The PS5 Pro has made me realize I hate choice

As I’ve gotten older, I’ve started to balk at choice; don’t get me wrong, I like to have a few drinks to choose from at a bar or be able to decide how I like my steak cooked. But increasingly, there’s almost too much choice in this world. Heck, just choosing what to watch is a quagmire of streaming platforms to pick, let alone selecting a show or movie.

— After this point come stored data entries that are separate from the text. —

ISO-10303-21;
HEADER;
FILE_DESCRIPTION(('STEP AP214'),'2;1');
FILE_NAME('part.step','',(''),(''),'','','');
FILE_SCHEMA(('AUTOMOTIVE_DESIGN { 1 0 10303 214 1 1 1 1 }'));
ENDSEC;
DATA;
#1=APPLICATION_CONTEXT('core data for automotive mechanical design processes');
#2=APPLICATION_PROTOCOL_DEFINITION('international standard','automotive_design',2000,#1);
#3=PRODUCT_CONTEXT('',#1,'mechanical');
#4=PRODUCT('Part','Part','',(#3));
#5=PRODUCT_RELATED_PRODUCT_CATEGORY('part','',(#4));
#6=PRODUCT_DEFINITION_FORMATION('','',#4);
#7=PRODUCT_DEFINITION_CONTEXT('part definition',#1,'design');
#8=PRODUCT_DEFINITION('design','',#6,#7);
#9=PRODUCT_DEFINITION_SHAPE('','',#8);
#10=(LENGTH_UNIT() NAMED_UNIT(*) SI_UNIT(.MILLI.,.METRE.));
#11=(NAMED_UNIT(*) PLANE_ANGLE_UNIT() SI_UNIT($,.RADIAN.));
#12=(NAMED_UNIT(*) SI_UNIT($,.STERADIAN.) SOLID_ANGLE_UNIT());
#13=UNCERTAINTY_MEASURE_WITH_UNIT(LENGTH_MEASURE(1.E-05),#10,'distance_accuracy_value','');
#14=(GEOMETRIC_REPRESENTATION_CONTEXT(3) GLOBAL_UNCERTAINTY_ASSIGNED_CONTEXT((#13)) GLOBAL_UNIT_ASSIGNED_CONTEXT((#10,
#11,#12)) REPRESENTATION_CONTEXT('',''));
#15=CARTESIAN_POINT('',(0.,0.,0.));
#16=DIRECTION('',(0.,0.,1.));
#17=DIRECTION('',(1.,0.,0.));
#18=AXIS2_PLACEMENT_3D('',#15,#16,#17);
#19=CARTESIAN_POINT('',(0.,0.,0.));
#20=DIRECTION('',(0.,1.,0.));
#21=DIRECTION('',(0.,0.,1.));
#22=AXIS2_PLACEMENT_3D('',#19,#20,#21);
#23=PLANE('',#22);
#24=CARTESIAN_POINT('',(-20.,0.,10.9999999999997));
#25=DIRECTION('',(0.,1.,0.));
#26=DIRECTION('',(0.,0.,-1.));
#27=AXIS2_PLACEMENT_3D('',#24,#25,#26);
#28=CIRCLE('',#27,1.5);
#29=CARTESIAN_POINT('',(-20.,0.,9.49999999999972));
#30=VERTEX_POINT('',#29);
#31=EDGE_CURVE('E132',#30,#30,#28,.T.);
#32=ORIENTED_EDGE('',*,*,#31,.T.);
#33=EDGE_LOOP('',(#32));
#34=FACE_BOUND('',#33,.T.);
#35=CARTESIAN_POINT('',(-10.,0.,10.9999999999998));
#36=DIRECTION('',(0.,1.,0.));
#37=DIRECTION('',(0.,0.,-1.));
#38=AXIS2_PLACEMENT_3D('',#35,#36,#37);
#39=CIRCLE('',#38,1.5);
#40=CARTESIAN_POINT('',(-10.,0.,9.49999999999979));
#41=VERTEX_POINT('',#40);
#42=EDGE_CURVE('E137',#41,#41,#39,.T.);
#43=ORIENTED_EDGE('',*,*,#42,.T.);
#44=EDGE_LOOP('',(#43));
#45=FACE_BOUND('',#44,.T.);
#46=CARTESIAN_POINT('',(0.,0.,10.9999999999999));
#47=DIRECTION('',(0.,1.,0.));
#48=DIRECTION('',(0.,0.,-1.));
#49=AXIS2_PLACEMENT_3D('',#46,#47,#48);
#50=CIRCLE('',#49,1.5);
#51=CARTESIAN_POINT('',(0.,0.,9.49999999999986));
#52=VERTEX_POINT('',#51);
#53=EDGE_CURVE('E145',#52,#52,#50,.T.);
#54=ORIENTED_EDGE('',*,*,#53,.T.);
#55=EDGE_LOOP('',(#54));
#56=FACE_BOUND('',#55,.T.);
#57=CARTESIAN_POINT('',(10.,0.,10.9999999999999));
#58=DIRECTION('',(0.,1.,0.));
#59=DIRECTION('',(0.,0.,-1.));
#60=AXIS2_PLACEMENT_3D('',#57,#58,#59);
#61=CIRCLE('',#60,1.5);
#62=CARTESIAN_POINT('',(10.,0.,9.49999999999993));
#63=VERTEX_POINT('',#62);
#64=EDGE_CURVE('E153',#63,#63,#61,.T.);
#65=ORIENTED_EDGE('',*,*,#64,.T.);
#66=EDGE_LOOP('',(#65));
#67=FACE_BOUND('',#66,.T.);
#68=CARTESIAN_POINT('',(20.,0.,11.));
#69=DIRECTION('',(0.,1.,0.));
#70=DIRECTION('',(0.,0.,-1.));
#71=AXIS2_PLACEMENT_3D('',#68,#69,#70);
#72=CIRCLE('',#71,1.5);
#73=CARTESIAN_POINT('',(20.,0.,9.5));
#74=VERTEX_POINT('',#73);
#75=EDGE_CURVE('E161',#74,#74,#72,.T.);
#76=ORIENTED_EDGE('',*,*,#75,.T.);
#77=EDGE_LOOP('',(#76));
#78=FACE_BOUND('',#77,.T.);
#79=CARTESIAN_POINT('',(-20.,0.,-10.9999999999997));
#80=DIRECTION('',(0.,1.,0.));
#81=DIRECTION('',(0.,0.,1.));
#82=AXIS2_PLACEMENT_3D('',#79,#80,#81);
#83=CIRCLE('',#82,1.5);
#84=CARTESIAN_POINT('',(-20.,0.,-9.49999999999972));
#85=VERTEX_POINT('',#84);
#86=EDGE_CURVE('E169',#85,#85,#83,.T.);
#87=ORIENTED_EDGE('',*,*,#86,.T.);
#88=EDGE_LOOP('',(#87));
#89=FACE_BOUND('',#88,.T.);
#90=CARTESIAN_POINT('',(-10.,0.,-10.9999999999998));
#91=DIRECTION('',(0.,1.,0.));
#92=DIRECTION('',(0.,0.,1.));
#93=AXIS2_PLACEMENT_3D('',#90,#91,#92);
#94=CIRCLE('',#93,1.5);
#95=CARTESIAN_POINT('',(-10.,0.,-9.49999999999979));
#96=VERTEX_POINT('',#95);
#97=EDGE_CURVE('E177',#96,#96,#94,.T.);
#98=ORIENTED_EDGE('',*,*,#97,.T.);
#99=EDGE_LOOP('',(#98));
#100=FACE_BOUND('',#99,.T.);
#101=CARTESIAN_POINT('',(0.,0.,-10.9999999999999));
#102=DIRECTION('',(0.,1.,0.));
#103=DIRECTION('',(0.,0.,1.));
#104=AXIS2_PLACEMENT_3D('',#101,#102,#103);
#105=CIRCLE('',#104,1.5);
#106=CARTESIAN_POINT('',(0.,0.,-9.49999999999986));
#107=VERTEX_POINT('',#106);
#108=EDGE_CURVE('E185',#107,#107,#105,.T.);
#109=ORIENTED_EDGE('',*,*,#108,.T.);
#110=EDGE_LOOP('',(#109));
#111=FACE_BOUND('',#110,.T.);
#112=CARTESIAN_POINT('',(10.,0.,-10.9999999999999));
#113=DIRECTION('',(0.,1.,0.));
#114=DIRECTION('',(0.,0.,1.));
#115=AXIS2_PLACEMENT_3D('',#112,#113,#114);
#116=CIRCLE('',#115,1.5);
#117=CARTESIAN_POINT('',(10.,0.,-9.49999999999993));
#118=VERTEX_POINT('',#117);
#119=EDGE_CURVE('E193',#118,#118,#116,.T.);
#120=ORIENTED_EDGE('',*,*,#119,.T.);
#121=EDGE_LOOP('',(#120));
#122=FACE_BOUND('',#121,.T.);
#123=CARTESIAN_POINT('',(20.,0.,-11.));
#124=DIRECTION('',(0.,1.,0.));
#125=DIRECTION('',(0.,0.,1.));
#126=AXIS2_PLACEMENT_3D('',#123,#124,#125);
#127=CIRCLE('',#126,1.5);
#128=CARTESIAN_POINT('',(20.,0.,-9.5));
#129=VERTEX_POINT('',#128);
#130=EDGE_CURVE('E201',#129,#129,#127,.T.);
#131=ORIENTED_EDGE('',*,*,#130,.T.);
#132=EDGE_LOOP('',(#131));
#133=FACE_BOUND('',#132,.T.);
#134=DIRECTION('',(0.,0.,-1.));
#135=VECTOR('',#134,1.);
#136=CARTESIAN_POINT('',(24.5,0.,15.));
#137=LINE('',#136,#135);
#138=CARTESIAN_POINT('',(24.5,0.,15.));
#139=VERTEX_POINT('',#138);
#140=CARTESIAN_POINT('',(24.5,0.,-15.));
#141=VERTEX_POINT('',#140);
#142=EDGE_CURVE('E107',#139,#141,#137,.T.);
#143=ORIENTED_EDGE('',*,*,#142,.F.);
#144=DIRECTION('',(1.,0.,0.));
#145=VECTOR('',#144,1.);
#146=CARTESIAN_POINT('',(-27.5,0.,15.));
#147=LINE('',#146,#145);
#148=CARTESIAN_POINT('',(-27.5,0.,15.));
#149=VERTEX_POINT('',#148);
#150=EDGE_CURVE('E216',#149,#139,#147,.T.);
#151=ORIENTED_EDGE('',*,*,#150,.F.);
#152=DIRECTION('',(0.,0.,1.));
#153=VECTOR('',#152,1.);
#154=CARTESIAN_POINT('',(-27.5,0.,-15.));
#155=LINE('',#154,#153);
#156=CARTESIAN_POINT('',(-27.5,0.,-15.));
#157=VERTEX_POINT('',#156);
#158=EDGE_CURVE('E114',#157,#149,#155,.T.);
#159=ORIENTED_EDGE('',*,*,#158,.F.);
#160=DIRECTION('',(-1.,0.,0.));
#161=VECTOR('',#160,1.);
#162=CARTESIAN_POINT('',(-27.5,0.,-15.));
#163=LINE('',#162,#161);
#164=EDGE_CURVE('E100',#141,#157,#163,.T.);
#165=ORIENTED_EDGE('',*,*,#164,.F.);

However, the choice I hate most is the need to choose between performance or graphics on the current-generation gaming consoles. This is really a more recent phenomenon in console gaming, ushered in by the PS4 Pro and Xbox One X that arrived mid-way through the last generation, and one that I think diminished the joy at the heart of console gaming.

This dichotomy of choice was hammered home with some time I got to spend with the PS5 Pro.

PS5 Pro cut my gaming woe

The PS5 Pro console on a wooden desk in front of a white brick background and next to a potted plant

(Image credit: Future)

As someone lucky enough to have a PS5 at launch, I’ve not fully bought into this mid-generation refresh.

I appreciate the extra power, storage, and design tweaks the console offers but I don’t think it offered enough for me to consider an upgrade; the uptick in graphics fidelity on already great-looking PS5 games feels like a case study in diminishing returns. And super-high frame rates don’t matter to me all that much on consoles; it’s nice to have but when I’m flopped on a sofa, I don’t need to have the snappiest gaming response.

Where the PS5 Pro did shine for me was the fact that in a lot of titles, it – and the magic of Sony’s PlayStation Spectral Super Resolution (PSSR) tech – let me have both a 60 frames per second (fps) frame rate and the best graphics settings. Or in the case of Horizon Forbidden West a sensible hybrid of the two that balanced performance with fidelity.

When looking at The Last of Us Part 2 Remastered, I could simply pick the PS5 Pro mode and get to playing. Outside of professional tech journalist curiosity, there was no need for me to flirt with the other graphics modes. This was great as it nixed the need to try different modes and agonize over which is best – I hate losing out on a graphical showcase but then some games really do need a smooth 60fps to feel playable; I’m looking at you Elden Ring.

Ultimately, with console gaming I just want to play a game in the fashion the developer intended it – if that means 30fps but with ray-traced lighting so be it, if it means 60fps with some fuzzy shadows, I’m equally happy. I don’t want to choose, I just want to play; tweaking and fine-tuning graphics is best left for PC gaming, which I feel is a wholly different experience.

Crushing choice paralysis

The PS5 Pro console next to a PS5 Slim and launch PS5 on a wooden desk in front of a white brick background and next to a potted plant

(Image credit: Future)

With my PS5, and indeed my Xbox Series X, each time I try a new game, I spend a good bit of time not immersing myself in the action but trying to decide which graphics mode was best, squinting hard at my LG C1 OLED – LG C-series OLEDs make some of best gaming TVs so check them out – to try and see whether a drop in model texture or slight lighting changes was worth halving my frame rate.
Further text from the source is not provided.